▶ [Exercise requirements] Copy verbatim the block of lines in the entries below whose first line contains "line L172 (59.9529, -15.8742)" and whose last line contains "line L175 (53.6448, -17.4618)". Leave out all other lines.

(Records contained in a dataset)
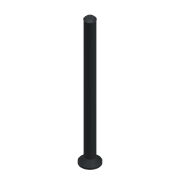
# Autodesk Inventor part: M3X40
Saved by Autodesk Inventor 2017 (Build 210142000, 142)
## iProperties
Part Number: M3X40
Material: Типовые
Document SubType Name: Modeling
Designer: STALKER
Density: 1 g/cm^3
Appearance: Чугун серый
Author: STALKER
Autodesk Inventor part; units mm, degrees
ref_plane "YZ Plane" through (0, 0, 0) normal (1, 0, 0) x (0, 1, 0)
ref_plane "XZ Plane" through (0, 0, 0) normal (0, 1, 0) x (-1, 0, 0)
ref_plane "XY Plane" through (0, 0, 0) normal (0, 0, 1) x (1, 0, 0)
sketch "Эскиз1" plane through (0, 0, 0) normal (0, 0, 1) x (1, 0, 0)
  circle A0 centre (0, 0) radius 1.5
  circle A1 centre (0, 0) radius 2.75
  line L0 (0, 1.1547) -> (1, 0.5774)
  line L1 (1, 0.5774) -> (1, -0.5774)
  line L2 (1, -0.5774) -> (0, -1.1547)
  line L3 (0, -1.1547) -> (-1, -0.5774)
  line L4 (-1, -0.5774) -> (-1, 0.5774)
  line L5 (-1, 0.5774) -> (0, 1.1547)
  dimension "d0" = 3
  dimension "d1" = 5.5
  dimension "d2" = 2
  constraints: 12 end point, 3 coincident, 2 centre point, 13 other
  measures "d0" diameter of A0
  measures "d1" diameter of A1
  measures "d2" distance between parallel lines of L1 L4
extrude "Выдавливание1" add sketch "Эскиз1" along normal blind 40 contours A0 | L0 L1 L2 L3 L4 L5
extrude "Выдавливание2" add sketch "Эскиз1" along normal blind 1.8 contours A1
chamfer "Фаска1" distance 1.25 angle 45 1 edges at (-2.75, 0, 1.8)
extrude "Выдавливание3" cut sketch "Эскиз1" along normal blind 1 contours L0 L1 L2 L3 L4 L5
chamfer "Фаска2" distance 0.5 angle 45 1 edges at (-1.5, 0, 40)
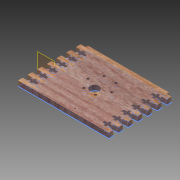
# Autodesk Inventor part: stepperMotorMountPlate01resized01
Saved by Autodesk Inventor 2013 (Build 170138000, 138)
## iProperties
Created: 2013-02-23
Part Number: stepperMotorMountPlate01resized01
Material: Wood (Birch)
Document SubType Name: Modeling
Designer: Nano
Density: 0.55 g/cm^3
Mass: 20.9125 g
Surface Area: 257.148 cm^2
Volume: 38.0226 cm^3
Author: Nano
Autodesk Inventor part; units mm, degrees
ref_plane "YZ Plane" through (0, 0, 0) normal (1, 0, 0) x (0, 1, 0)
ref_plane "XZ Plane" through (0, 0, 0) normal (0, 1, 0) x (-1, 0, 0)
ref_plane "XY Plane" through (0, 0, 0) normal (0, 0, 1) x (1, 0, 0)
sketch "Sketch1" plane through (0, 0, 0) normal (0, 1, 0) x (-1, 0, 0)
  line L0 (64.0604, 50.8) -> (-62.9396, 50.8)
  line L1 (-62.9396, 50.8) -> (-62.9396, -50.8)
  line L2 (-62.9396, -50.8) -> (64.0604, -50.8)
  line L3 (64.0604, -50.8) -> (64.0604, 50.8)
  line L4 (0, 0) -> (101.6, 0) construction
  line L5 (0, 50.8) -> (0, -50.8) construction
  line L6 (-58.3406, 0) -> (58.3406, 0) construction
  circle A0 centre (0, 0) radius 6
  circle A1 centre (-15.5097, -7.0044) radius 1.5875
  circle A2 centre (15.5097, -7.0044) radius 1.5875
  circle A3 centre (7.7597, 6.419) radius 1.5875
  circle A4 centre (7.7597, -20.4278) radius 1.5875
  circle A5 centre (-7.75, 6.4234) radius 1.5875
  circle A6 centre (-7.75, -20.4234) radius 1.5875
  arc A7 (1.7433, -2.4415) -> (-1.8557, -2.3572) centre (0, 0) ccw
  point P0 (0, 0)
  point P1 (0, 0)
  dimension "d1" = 127
  dimension "d2" = 101.6
  dimension "d31" = 12
  dimension "d32" = 0
  dimension "d33" = 3.175
  dimension "d34" = 17.018
  dimension "d35" = 3.175
  dimension "d36" = 17.018
  dimension "d37" = 3.175
  dimension "d38" = 3.175
  dimension "d39" = 10.0706
  dimension "d40" = 21.8519
  dimension "d41" = 15.5
  dimension "d42" = 15.5
  constraints: 14 end point, 8 centre point, 2 coincident, 2 horizontal, 2 parallel, 2 point on circle, 1 midpoint, 1 perpendicular, 1 vertical
  measures "d1" distance of L0.start L0.end
  measures "d2" distance of L1.end L0.end
  measures "d31" diameter of A0
  measures "d32" distance of point (0, 0) A0.centre
  measures "d33" diameter of A1
  measures "d34" distance of point (0, 0) A1.centre
  measures "d35" diameter of A2
  measures "d36" distance of point (0, 0) A2.centre
  measures "d37" diameter of A3
  measures "d38" diameter of A4
  measures "d39" distance of A3.centre point (0, 0)
  measures "d40" distance of A4.centre point (0, 0)
  measures "d41" distance of A4.centre A2.centre
  measures "d42" distance of A2.centre A3.centre
extrude "Extrusion1" add sketch "Sketch1" along normal blind 6.35
ref_plane "Work Plane1" through (-64.0604, 0, 0) normal (0, 0, 1) x (1, 0, 0)
sketch "Sketch4" plane through (0, 0, 0) normal (0, -1, 0) x (1, 0, 0)
  line L0 (-59.5312, 50.8) -> (59.5312, 50.8)
  line L1 (59.5312, 50.8) -> (59.5312, 41.0053)
  line L2 (59.5312, 41.0053) -> (-59.5312, 41.0053)
  line L3 (-59.5312, 41.0053) -> (-59.5312, 50.8)
  constraints: 8 end point, 2 parallel, 1 horizontal, 1 perpendicular
extrude "Extrusion4" cut sketch "Sketch4" against normal through all
sketch "Sketch5" plane through (0, 6.35, 0) normal (0, 1, 0) x (1, 0, 0)
  line L0 (-52.7198, 44.4492) -> (53.644, 44.4507)
  line L1 (-52.7198, 44.4492) -> (-52.7197, 41.2742)
  line L2 (-52.7197, 41.2742) -> (-59.0741, 41.2741)
  line L3 (-59.074, 34.9241) -> (-59.0741, 41.2741)
  line L4 (-59.074, 34.9241) -> (-52.7197, 34.9242)
  line L5 (-52.7197, 34.9242) -> (-52.7196, 33.3367)
  line L6 (-52.7196, 33.3367) -> (-49.9415, 33.3368)
  line L7 (-49.9415, 33.3368) -> (-49.9415, 35.718)
  line L8 (-49.9415, 35.718) -> (-46.7665, 35.7181)
  line L9 (-46.7665, 35.7181) -> (-46.7665, 33.3368)
  line L10 (-46.7665, 33.3368) -> (-42.687, 33.3369)
  line L11 (-42.687, 33.3369) -> (-42.687, 30.1619)
  line L12 (-42.687, 30.1619) -> (-46.7665, 30.1618)
  line L13 (-46.7665, 30.1618) -> (-46.7664, 27.7806)
  line L14 (-46.7664, 27.7806) -> (-49.9414, 27.7805)
  line L15 (-49.9414, 27.7805) -> (-49.9415, 30.1618)
  line L16 (-49.9415, 30.1618) -> (-52.7196, 30.1617)
  line L17 (-52.7196, 30.1617) -> (-52.7196, 28.5742)
  line L18 (-52.7196, 28.5742) -> (-59.0739, 28.5741)
  line L19 (-59.0738, 22.2241) -> (-59.0739, 28.5741)
  line L20 (-59.0738, 22.2241) -> (-52.7195, 22.2242)
  line L21 (-52.7195, 22.2242) -> (-52.7195, 20.6367)
  line L22 (-52.7195, 20.6367) -> (-49.9413, 20.6368)
  line L23 (-49.9413, 20.6368) -> (-49.9414, 23.018)
  line L24 (-49.9414, 23.018) -> (-46.7664, 23.0181)
  line L25 (-46.7664, 23.0181) -> (-46.7663, 20.6368)
  line L26 (-46.7663, 20.6368) -> (-42.6869, 20.6369)
  line L27 (-42.6869, 20.6369) -> (-42.6868, 17.4619)
  line L28 (-42.6868, 17.4619) -> (-46.7845, 17.4618)
  line L29 (-46.7845, 17.4618) -> (-46.7844, 15.0806)
  line L30 (-46.7844, 15.0806) -> (-49.9594, 15.0805)
  line L31 (-49.9594, 15.0805) -> (-49.9595, 17.4618)
  line L32 (-49.9595, 17.4618) -> (-52.7376, 17.4617)
  line L33 (-52.7376, 17.4617) -> (-52.7376, 15.8742)
  line L34 (-52.7376, 15.8742) -> (-59.0919, 15.8741)
  line L35 (-59.0918, 9.5241) -> (-59.0919, 15.8741)
  line L36 (-59.0918, 9.5241) -> (-52.7193, 9.5242)
  line L37 (-52.7193, 9.5242) -> (-52.7193, 7.9367)
  line L38 (-52.7193, 7.9367) -> (-49.9411, 7.9368)
  line L39 (-49.9411, 7.9368) -> (-49.9412, 10.318)
  line L40 (-49.9412, 10.318) -> (-46.7662, 10.3181)
  line L41 (-46.7662, 10.3181) -> (-46.7661, 7.9368)
  line L42 (-46.7661, 7.9368) -> (-42.6867, 7.9369)
  line L43 (-42.6867, 7.9369) -> (-42.6866, 4.7619)
  line L44 (-42.6866, 4.7619) -> (-46.7661, 4.7618)
  line L45 (-46.7661, 4.7618) -> (-46.7661, 2.3806)
  line L46 (-46.7661, 2.3806) -> (-49.9411, 2.3805)
  line L47 (-49.9411, 2.3805) -> (-49.9411, 4.7618)
  line L48 (-49.9411, 4.7618) -> (-52.7192, 4.7617)
  line L49 (-52.7192, 4.7617) -> (-52.7192, 3.1742)
  line L50 (-52.7192, 3.1742) -> (-59.0735, 3.1741)
  line L51 (-59.0734, -3.1759) -> (-59.0735, 3.1741)
  line L52 (-59.0734, -3.1759) -> (-52.7191, -3.1758)
  line L53 (-52.7191, -3.1758) -> (-52.7191, -4.7633)
  line L54 (-52.7191, -4.7633) -> (-49.941, -4.7632)
  line L55 (-49.941, -4.7632) -> (-49.941, -2.382)
  line L56 (-49.941, -2.382) -> (-46.766, -2.3819)
  line L57 (-46.766, -2.3819) -> (-46.766, -4.7632)
  line L58 (-46.766, -4.7632) -> (-42.6865, -4.7631)
  line L59 (-42.6865, -4.7631) -> (-42.6865, -7.9381)
  line L60 (-42.6865, -7.9381) -> (-46.7659, -7.9382)
  line L61 (-46.7659, -7.9382) -> (-46.7659, -10.3194)
  line L62 (-46.7659, -10.3194) -> (-49.9409, -10.3195)
  line L63 (-49.9409, -10.3195) -> (-49.9409, -7.9382)
  line L64 (-49.9409, -7.9382) -> (-52.719, -7.9383)
  line L65 (-52.719, -7.9383) -> (-52.719, -9.5258)
  line L66 (-52.719, -9.5258) -> (-59.0733, -9.5259)
  line L67 (-59.0732, -15.8759) -> (-59.0733, -9.5259)
  line L68 (-59.0732, -15.8759) -> (-52.7189, -15.8758)
  line L69 (-52.7189, -15.8758) -> (-52.7189, -17.4633)
  line L70 (-52.7189, -17.4633) -> (-49.9408, -17.4632)
  line L71 (-49.9408, -17.4632) -> (-49.9408, -15.082)
  line L72 (-49.9408, -15.082) -> (-46.7658, -15.0819)
  line L73 (-46.7658, -15.0819) -> (-46.7658, -17.4632)
  line L74 (-46.7658, -17.4632) -> (-42.6863, -17.4631)
  line L75 (-42.6863, -17.4631) -> (-42.6863, -20.6381)
  line L76 (-42.6863, -20.6381) -> (-46.7657, -20.6382)
  line L77 (-46.7657, -20.6382) -> (-46.7657, -23.0194)
  line L78 (-46.7657, -23.0194) -> (-49.9407, -23.0195)
  line L79 (-49.9407, -23.0195) -> (-49.9407, -20.6382)
  line L80 (-49.9407, -20.6382) -> (-52.7189, -20.6383)
  line L81 (-52.7189, -20.6383) -> (-52.7188, -22.2258)
  line L82 (-52.7188, -22.2258) -> (-59.0731, -22.2259)
  line L83 (-59.0731, -28.5759) -> (-59.0731, -22.2259)
  line L84 (-59.0731, -28.5759) -> (-52.7188, -28.5758)
  line L85 (-52.7188, -28.5758) -> (-52.7187, -30.1633)
  line L86 (-52.7187, -30.1633) -> (-49.9406, -30.1632)
  line L87 (-49.9406, -30.1632) -> (-49.9406, -27.782)
  line L88 (-49.9406, -27.782) -> (-46.7656, -27.7819)
  line L89 (-46.7656, -27.7819) -> (-46.7656, -30.1632)
  line L90 (-46.7656, -30.1632) -> (-42.6861, -30.1631)
  line L91 (-42.6861, -30.1631) -> (-42.6861, -33.3381)
  line L92 (-42.6861, -33.3381) -> (-46.7656, -33.3382)
  line L93 (-46.7656, -33.3382) -> (-46.7655, -35.7194)
  line L94 (-46.7655, -35.7194) -> (-49.9405, -35.7195)
  line L95 (-49.9405, -35.7195) -> (-49.9406, -33.3382)
  line L96 (-49.9406, -33.3382) -> (-52.7187, -33.3383)
  line L97 (-52.7187, -33.3383) -> (-52.7187, -34.9258)
  line L98 (-52.7187, -34.9258) -> (-59.073, -34.9259)
  line L99 (-59.0729, -41.2759) -> (-59.073, -34.9259)
  line L100 (-59.0729, -41.2759) -> (-52.7186, -41.2758)
  line L101 (-52.7186, -41.2758) -> (-52.7185, -44.4508)
  line L102 (53.6452, -44.4493) -> (-52.7185, -44.4508)
  line L103 (61.7256, -269.9687) -> (61.7256, 15.018) projected
  line L104 (61.7256, 15.018) -> (61.7256, 87.39) construction
  line L105 (0, 88.6989) -> (0, -326.401) construction
  line L106 (53.644, 44.4507) -> (53.644, 41.2757)
  line L107 (53.644, 41.2757) -> (59.9521, 41.2758)
  line L108 (59.9522, 34.9258) -> (59.9521, 41.2758)
  line L109 (59.9522, 34.9258) -> (53.6441, 34.9257)
  line L110 (53.6441, 34.9257) -> (53.6441, 33.3382)
  line L111 (53.6441, 33.3382) -> (50.866, 33.3382)
  line L112 (50.866, 33.3382) -> (50.866, 35.7195)
  line L113 (50.866, 35.7195) -> (47.691, 35.7194)
  line L114 (47.691, 35.7194) -> (47.691, 33.3382)
  line L115 (47.691, 33.3382) -> (43.6115, 33.3381)
  line L116 (43.6115, 33.3381) -> (43.6116, 30.1631)
  line L117 (43.6116, 30.1631) -> (47.691, 30.1632)
  line L118 (47.691, 30.1632) -> (47.6911, 27.7819)
  line L119 (47.6911, 27.7819) -> (50.8661, 27.782)
  line L120 (50.8661, 27.782) -> (50.866, 30.1632)
  line L121 (50.866, 30.1632) -> (53.6442, 30.1632)
  line L122 (53.6442, 30.1632) -> (53.6442, 28.5757)
  line L123 (53.6442, 28.5757) -> (59.9523, 28.5758)
  line L124 (59.9523, 22.2258) -> (59.9523, 28.5758)
  line L125 (59.9523, 22.2258) -> (53.6443, 22.2257)
  line L126 (53.6443, 22.2257) -> (53.6443, 20.6382)
  line L127 (53.6443, 20.6382) -> (50.8662, 20.6382)
  line L128 (50.8662, 20.6382) -> (50.8661, 23.0195)
  line L129 (50.8661, 23.0195) -> (47.6911, 23.0194)
  line L130 (47.6911, 23.0194) -> (47.6912, 20.6382)
  line L131 (47.6912, 20.6382) -> (43.6117, 20.6381)
  line L132 (43.6117, 20.6381) -> (43.6117, 17.4631)
  line L133 (43.6117, 17.4631) -> (47.7094, 17.4632)
  line L134 (47.7094, 17.4632) -> (47.7094, 15.0819)
  line L135 (47.7094, 15.0819) -> (50.8844, 15.082)
  line L136 (50.8844, 15.082) -> (50.8844, 17.4632)
  line L137 (50.8844, 17.4632) -> (53.6625, 17.4632)
  line L138 (53.6625, 17.4632) -> (53.6625, 15.8757)
  line L139 (53.6625, 15.8757) -> (59.9706, 15.8758)
  line L140 (59.9707, 9.5258) -> (59.9706, 15.8758)
  line L141 (59.9707, 9.5258) -> (53.6445, 9.5257)
  line L142 (53.6445, 9.5257) -> (53.6445, 7.9382)
  line L143 (53.6445, 7.9382) -> (50.8664, 7.9382)
  line L144 (50.8664, 7.9382) -> (50.8663, 10.3195)
  line L145 (50.8663, 10.3195) -> (47.6913, 10.3194)
  line L146 (47.6913, 10.3194) -> (47.6914, 7.9382)
  line L147 (47.6914, 7.9382) -> (43.6119, 7.9381)
  line L148 (43.6119, 7.9381) -> (43.6119, 4.7631)
  line L149 (43.6119, 4.7631) -> (47.6914, 4.7632)
  line L150 (47.6914, 4.7632) -> (47.6914, 2.3819)
  line L151 (47.6914, 2.3819) -> (50.8664, 2.382)
  line L152 (50.8664, 2.382) -> (50.8664, 4.7632)
  line L153 (50.8664, 4.7632) -> (53.6445, 4.7632)
  line L154 (53.6445, 4.7632) -> (53.6445, 3.1757)
  line L155 (53.6445, 3.1757) -> (59.9526, 3.1758)
  line L156 (59.9527, -3.1742) -> (59.9526, 3.1758)
  line L157 (59.9527, -3.1742) -> (53.6446, -3.1743)
  line L158 (53.6446, -3.1743) -> (53.6447, -4.7618)
  line L159 (53.6447, -4.7618) -> (50.8665, -4.7618)
  line L160 (50.8665, -4.7618) -> (50.8665, -2.3805)
  line L161 (50.8665, -2.3805) -> (47.6915, -2.3806)
  line L162 (47.6915, -2.3806) -> (47.6915, -4.7618)
  line L163 (47.6915, -4.7618) -> (43.6121, -4.7619)
  line L164 (43.6121, -4.7619) -> (43.6121, -7.9369)
  line L165 (43.6121, -7.9369) -> (47.6916, -7.9368)
  line L166 (47.6916, -7.9368) -> (47.6916, -10.3181)
  line L167 (47.6916, -10.3181) -> (50.8666, -10.318)
  line L168 (50.8666, -10.318) -> (50.8666, -7.9368)
  line L169 (50.8666, -7.9368) -> (53.6447, -7.9368)
  line L170 (53.6447, -7.9368) -> (53.6447, -9.5243)
  line L171 (53.6447, -9.5243) -> (59.9528, -9.5242)
  line L172 (59.9529, -15.8742) -> (59.9528, -9.5242)
  line L173 (59.9529, -15.8742) -> (53.6448, -15.8743)
  line L174 (53.6448, -15.8743) -> (53.6448, -17.4618)
  line L175 (53.6448, -17.4618) -> (50.8667, -17.4618)
  line L176 (50.8667, -17.4618) -> (50.8667, -15.0805)
  line L177 (50.8667, -15.0805) -> (47.6917, -15.0806)
  line L178 (47.6917, -15.0806) -> (47.6917, -17.4618)
  line L179 (47.6917, -17.4618) -> (43.6122, -17.4619)
  line L180 (43.6122, -17.4619) -> (43.6123, -20.6369)
  line L181 (43.6123, -20.6369) -> (47.6918, -20.6368)
  line L182 (47.6918, -20.6368) -> (47.6918, -23.0181)
  line L183 (47.6918, -23.0181) -> (50.8668, -23.018)
  line L184 (50.8668, -23.018) -> (50.8668, -20.6368)
  line L185 (50.8668, -20.6368) -> (53.6449, -20.6368)
  line L186 (53.6449, -20.6368) -> (53.6449, -22.2243)
  line L187 (53.6449, -22.2243) -> (59.953, -22.2242)
  line L188 (59.9531, -28.5742) -> (59.953, -22.2242)
  line L189 (59.9531, -28.5742) -> (53.645, -28.5743)
  line L190 (53.645, -28.5743) -> (53.645, -30.1618)
  line L191 (53.645, -30.1618) -> (50.8669, -30.1618)
  line L192 (50.8669, -30.1618) -> (50.8669, -27.7805)
  line L193 (50.8669, -27.7805) -> (47.6919, -27.7806)
  line L194 (47.6919, -27.7806) -> (47.6919, -30.1618)
  line L195 (47.6919, -30.1618) -> (43.6124, -30.1619)
  line L196 (43.6124, -30.1619) -> (43.6125, -33.3369)
  line L197 (43.6125, -33.3369) -> (47.6919, -33.3368)
  line L198 (47.6919, -33.3368) -> (47.692, -35.7181)
  line L199 (47.692, -35.7181) -> (50.867, -35.718)
  line L200 (50.867, -35.718) -> (50.8669, -33.3368)
  line L201 (50.8669, -33.3368) -> (53.6451, -33.3368)
  line L202 (53.6451, -33.3368) -> (53.6451, -34.9243)
  line L203 (53.6451, -34.9243) -> (59.9532, -34.9242)
  line L204 (59.9533, -41.2742) -> (59.9532, -34.9242)
  line L205 (59.9533, -41.2742) -> (53.6452, -41.2743)
  line L206 (53.6452, -41.2743) -> (53.6452, -44.4493)
  line L207 (-59.5312, -41.0053) -> (59.5312, -41.0053) projected
  ellipse E0 centre (-53.2862, 17.4229) end of major axis (-53.3662, -52.4271) minor radius 0.546 (-52.7431, 15.1202) -> (-53.8349, 14.6815) ccw projected
  ellipse E1 centre (-59.636, 17.4301) end of major axis (-59.556, 87.2801) minor radius 0.546 (-59.0929, 15.1275) -> (-60.1847, 14.6887) ccw projected
  point P0 (-58.3406, -41.0053)
  point P1 (58.3406, -41.0053)
  constraints: 410 end point, 1 vertical, 6 other
extrude "Extrusion7" cut sketch "Sketch5" against normal blind 25.4 contours L0 L106 L107 L108 L109 L110 L111 L112 L113 L114 L115 L116 L117 L118 L119 L120 L121 L122 L123 L124 L125 L126 L127 L128 L129 L130 L131 L132 L133 L134 L135 L136 L137 L138 L139 L140 L141 L142 L143 L144 L145 L146 L147 L148 L149 L150 L151 L152 L153 L154 L155 L156 L157 L158 L159 L160 L161 L162 L163 L164 L165 L166 L167 L168 L169 L170 L171 L172 L173 L174 L175 L176 L177 L178 L179 L180 L181 L182 L183 L184 L185 L186 L187 L188 L189 L190 L191 L192 L193 L194 L195 L196 L197 L198 L199 L200 L201 L202 L203 L204 L205 L206 L102 L101 L100 L99 L98 L97 L96 L95 L94 L93 L92 L91 L90 L89 L88 L87 L86 L85 L84 L83 L82 L81 L80 L79 L78 L77 L76 L75 L74 L73 L72 L71 L70 L69 L68 L67 L66 L65 L64 L63 L62 L61 L60 L59 L58 L57 L56 L55 L54 L53 L52 L51 L50 L49 L48 L47 L46 L45 L44 L43 L42 L41 L40 L39 L38 L37 L36 L35 L34 L33 L32 L31 L30 L29 L28 L27 L26 L25 L24 L23 L22 L21 L20 E0 L18 L17 L16 L15 L14 L13 L12 L11 L10 L9 L8 L7 L6 L5 L4 L2 L1 | E0 L4 L2 | E0 L4 L3 L2 | E0 L20 L18 | E0 L20 L19 L18 keep common part
equation "\"d42\" = d41"
body "Solid1"

▶ [Answer to this exercise]
  line L172 (59.9529, -15.8742) -> (59.9528, -9.5242)
  line L173 (59.9529, -15.8742) -> (53.6448, -15.8743)
  line L174 (53.6448, -15.8743) -> (53.6448, -17.4618)
  line L175 (53.6448, -17.4618) -> (50.8667, -17.4618)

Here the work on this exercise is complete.